==== Exercise inputs ====

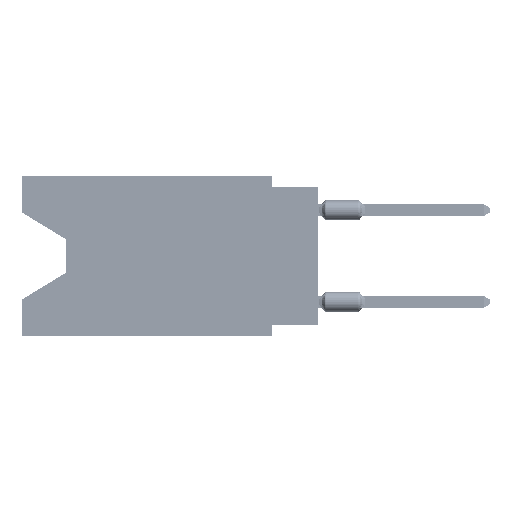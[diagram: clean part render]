
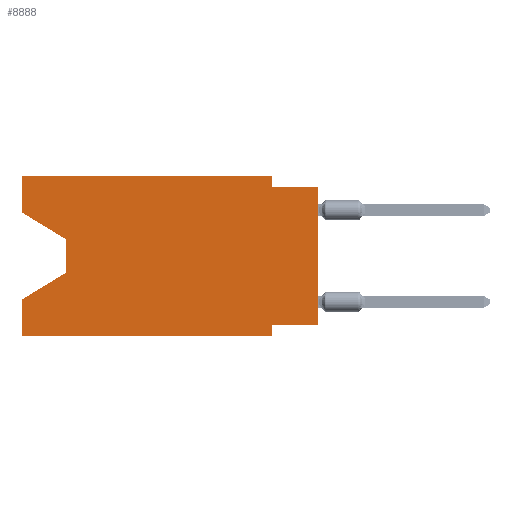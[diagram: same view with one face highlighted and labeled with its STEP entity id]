
A CAD part, left-side view. The second image highlights one B-rep face of the part: STEP entity #8888.
In plain terms, the highlighted planar face has unit normal (-1, 0, 0).
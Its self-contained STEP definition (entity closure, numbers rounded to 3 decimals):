
#288 = LINE ( 'NONE', #77231, #19993 ) ;
#1683 = LINE ( 'NONE', #27493, #95369 ) ;
#2556 = DIRECTION ( 'NONE',  ( 0., 0., -1. ) ) ;
#2775 = FACE_OUTER_BOUND ( 'NONE', #65414, .T. ) ;
#5400 = LINE ( 'NONE', #40770, #51607 ) ;
#8888 = ADVANCED_FACE ( 'NONE', ( #2775 ), #20752, .F. ) ;
#9208 = EDGE_CURVE ( 'NONE', #75606, #36875, #27916, .T. ) ;
#9214 = ORIENTED_EDGE ( 'NONE', *, *, #74387, .F. ) ;
#10415 = LINE ( 'NONE', #87878, #76460 ) ;
#10650 = DIRECTION ( 'NONE',  ( 0., 0.855, -0.519 ) ) ;
#13079 = ORIENTED_EDGE ( 'NONE', *, *, #45619, .F. ) ;
#13785 = EDGE_CURVE ( 'NONE', #82977, #32922, #1683, .T. ) ;
#15249 = VERTEX_POINT ( 'NONE', #76279 ) ;
#15433 = VECTOR ( 'NONE', #10650, 1000. ) ;
#15911 = LINE ( 'NONE', #50157, #105549 ) ;
#19244 = EDGE_CURVE ( 'NONE', #72556, #80418, #110894, .T. ) ;
#19993 = VECTOR ( 'NONE', #67709, 1000. ) ;
#20187 = DIRECTION ( 'NONE',  ( 0., 0., -1. ) ) ;
#20752 = PLANE ( 'NONE',  #31515 ) ;
#20849 = CARTESIAN_POINT ( 'NONE',  ( 0., 2.54, -0.635 ) ) ;
#22002 = VERTEX_POINT ( 'NONE', #46269 ) ;
#25535 = ORIENTED_EDGE ( 'NONE', *, *, #9208, .T. ) ;
#25588 = DIRECTION ( 'NONE',  ( 0., 0., 1. ) ) ;
#27133 = EDGE_CURVE ( 'NONE', #72268, #80418, #10415, .T. ) ;
#27493 = CARTESIAN_POINT ( 'NONE',  ( 0., 16.383, 0. ) ) ;
#27916 = LINE ( 'NONE', #103693, #65675 ) ;
#28185 = VECTOR ( 'NONE', #76021, 1000. ) ;
#28378 = DIRECTION ( 'NONE',  ( 0., -1., 0. ) ) ;
#29636 = EDGE_CURVE ( 'NONE', #94697, #36875, #5400, .T. ) ;
#30565 = CARTESIAN_POINT ( 'NONE',  ( 0., 16.383, -6.852 ) ) ;
#31515 = AXIS2_PLACEMENT_3D ( 'NONE', #78600, #70171, #20187 ) ;
#32922 = VERTEX_POINT ( 'NONE', #55768 ) ;
#34247 = CARTESIAN_POINT ( 'NONE',  ( 0., 2.54, -8.89 ) ) ;
#35544 = EDGE_CURVE ( 'NONE', #72556, #94697, #288, .T. ) ;
#36875 = VERTEX_POINT ( 'NONE', #34247 ) ;
#37188 = VECTOR ( 'NONE', #2556, 1000. ) ;
#40404 = ORIENTED_EDGE ( 'NONE', *, *, #53197, .T. ) ;
#40538 = CARTESIAN_POINT ( 'NONE',  ( 0., 16.383, -2.038 ) ) ;
#40770 = CARTESIAN_POINT ( 'NONE',  ( 0., 2.54, -8.89 ) ) ;
#45619 = EDGE_CURVE ( 'NONE', #32922, #72268, #87361, .T. ) ;
#46269 = CARTESIAN_POINT ( 'NONE',  ( 0., 13.97, -3.505 ) ) ;
#47875 = EDGE_CURVE ( 'NONE', #22002, #15249, #76580, .T. ) ;
#48925 = CARTESIAN_POINT ( 'NONE',  ( 0., 16.383, 0. ) ) ;
#50157 = CARTESIAN_POINT ( 'NONE',  ( 0., 16.383, -2.038 ) ) ;
#51004 = VECTOR ( 'NONE', #84812, 1000. ) ;
#51607 = VECTOR ( 'NONE', #64923, 1000. ) ;
#51693 = EDGE_CURVE ( 'NONE', #56180, #22002, #15911, .T. ) ;
#51742 = ORIENTED_EDGE ( 'NONE', *, *, #29636, .F. ) ;
#53197 = EDGE_CURVE ( 'NONE', #15249, #55713, #61727, .T. ) ;
#53533 = CARTESIAN_POINT ( 'NONE',  ( 0., 2.54, -8.255 ) ) ;
#54604 = ORIENTED_EDGE ( 'NONE', *, *, #35544, .F. ) ;
#55713 = VERTEX_POINT ( 'NONE', #30565 ) ;
#55768 = CARTESIAN_POINT ( 'NONE',  ( 0., 2.54, 0. ) ) ;
#56180 = VERTEX_POINT ( 'NONE', #40538 ) ;
#56552 = CARTESIAN_POINT ( 'NONE',  ( 0., 16.383, -8.89 ) ) ;
#57354 = LINE ( 'NONE', #48925, #51004 ) ;
#57825 = VECTOR ( 'NONE', #73945, 1000. ) ;
#61727 = LINE ( 'NONE', #94857, #15433 ) ;
#64923 = DIRECTION ( 'NONE',  ( 0., 0., -1. ) ) ;
#65414 = EDGE_LOOP ( 'NONE', ( #109851, #103814, #40404, #68416, #25535, #51742, #54604, #96321, #89580, #13079, #77103, #9214 ) ) ;
#65524 = LINE ( 'NONE', #67177, #57825 ) ;
#65675 = VECTOR ( 'NONE', #95823, 1000. ) ;
#67177 = CARTESIAN_POINT ( 'NONE',  ( 0., 16.383, 0. ) ) ;
#67709 = DIRECTION ( 'NONE',  ( 0., 1., 0. ) ) ;
#68416 = ORIENTED_EDGE ( 'NONE', *, *, #101484, .F. ) ;
#70171 = DIRECTION ( 'NONE',  ( 1., 0., 0. ) ) ;
#72268 = VERTEX_POINT ( 'NONE', #20849 ) ;
#72556 = VERTEX_POINT ( 'NONE', #89258 ) ;
#73945 = DIRECTION ( 'NONE',  ( 0., 0., 1. ) ) ;
#74387 = EDGE_CURVE ( 'NONE', #56180, #82977, #65524, .T. ) ;
#75606 = VERTEX_POINT ( 'NONE', #56552 ) ;
#76021 = DIRECTION ( 'NONE',  ( 0., 0., -1. ) ) ;
#76279 = CARTESIAN_POINT ( 'NONE',  ( 0., 13.97, -5.385 ) ) ;
#76460 = VECTOR ( 'NONE', #28378, 1000. ) ;
#76580 = LINE ( 'NONE', #84437, #28185 ) ;
#77103 = ORIENTED_EDGE ( 'NONE', *, *, #13785, .F. ) ;
#77231 = CARTESIAN_POINT ( 'NONE',  ( 0., 0., -8.255 ) ) ;
#78600 = CARTESIAN_POINT ( 'NONE',  ( 0., 16.383, 0. ) ) ;
#80418 = VERTEX_POINT ( 'NONE', #100712 ) ;
#81843 = VECTOR ( 'NONE', #25588, 1000. ) ;
#82977 = VERTEX_POINT ( 'NONE', #95128 ) ;
#84388 = DIRECTION ( 'NONE',  ( 0., -0.855, -0.519 ) ) ;
#84437 = CARTESIAN_POINT ( 'NONE',  ( 0., 13.97, -3.505 ) ) ;
#84812 = DIRECTION ( 'NONE',  ( 0., 0., 1. ) ) ;
#87361 = LINE ( 'NONE', #106356, #37188 ) ;
#87878 = CARTESIAN_POINT ( 'NONE',  ( 0., 0., -0.635 ) ) ;
#89258 = CARTESIAN_POINT ( 'NONE',  ( 0., 0., -8.255 ) ) ;
#89580 = ORIENTED_EDGE ( 'NONE', *, *, #27133, .F. ) ;
#94697 = VERTEX_POINT ( 'NONE', #53533 ) ;
#94857 = CARTESIAN_POINT ( 'NONE',  ( 0., 13.97, -5.385 ) ) ;
#95128 = CARTESIAN_POINT ( 'NONE',  ( 0., 16.383, 0. ) ) ;
#95369 = VECTOR ( 'NONE', #95964, 1000. ) ;
#95823 = DIRECTION ( 'NONE',  ( 0., -1., 0. ) ) ;
#95964 = DIRECTION ( 'NONE',  ( 0., -1., 0. ) ) ;
#96321 = ORIENTED_EDGE ( 'NONE', *, *, #19244, .T. ) ;
#100712 = CARTESIAN_POINT ( 'NONE',  ( 0., 0., -0.635 ) ) ;
#101484 = EDGE_CURVE ( 'NONE', #75606, #55713, #57354, .T. ) ;
#102459 = CARTESIAN_POINT ( 'NONE',  ( 0., 0., 0. ) ) ;
#103693 = CARTESIAN_POINT ( 'NONE',  ( 0., 16.383, -8.89 ) ) ;
#103814 = ORIENTED_EDGE ( 'NONE', *, *, #47875, .T. ) ;
#105549 = VECTOR ( 'NONE', #84388, 1000. ) ;
#106356 = CARTESIAN_POINT ( 'NONE',  ( 0., 2.54, 0. ) ) ;
#109851 = ORIENTED_EDGE ( 'NONE', *, *, #51693, .T. ) ;
#110894 = LINE ( 'NONE', #102459, #81843 ) ;

====

▶ _About this exercise_
Retype, exactly and in full, the lines above from the one containing "#65524 = LINE ( 'NONE', #67177, #57825 ) ;" through the one containing "#70171 = DIRECTION".

▶ _Result_
#65524 = LINE ( 'NONE', #67177, #57825 ) ;
#65675 = VECTOR ( 'NONE', #95823, 1000. ) ;
#67177 = CARTESIAN_POINT ( 'NONE',  ( 0., 16.383, 0. ) ) ;
#67709 = DIRECTION ( 'NONE',  ( 0., 1., 0. ) ) ;
#68416 = ORIENTED_EDGE ( 'NONE', *, *, #101484, .F. ) ;
#70171 = DIRECTION ( 'NONE',  ( 1., 0., 0. ) ) ;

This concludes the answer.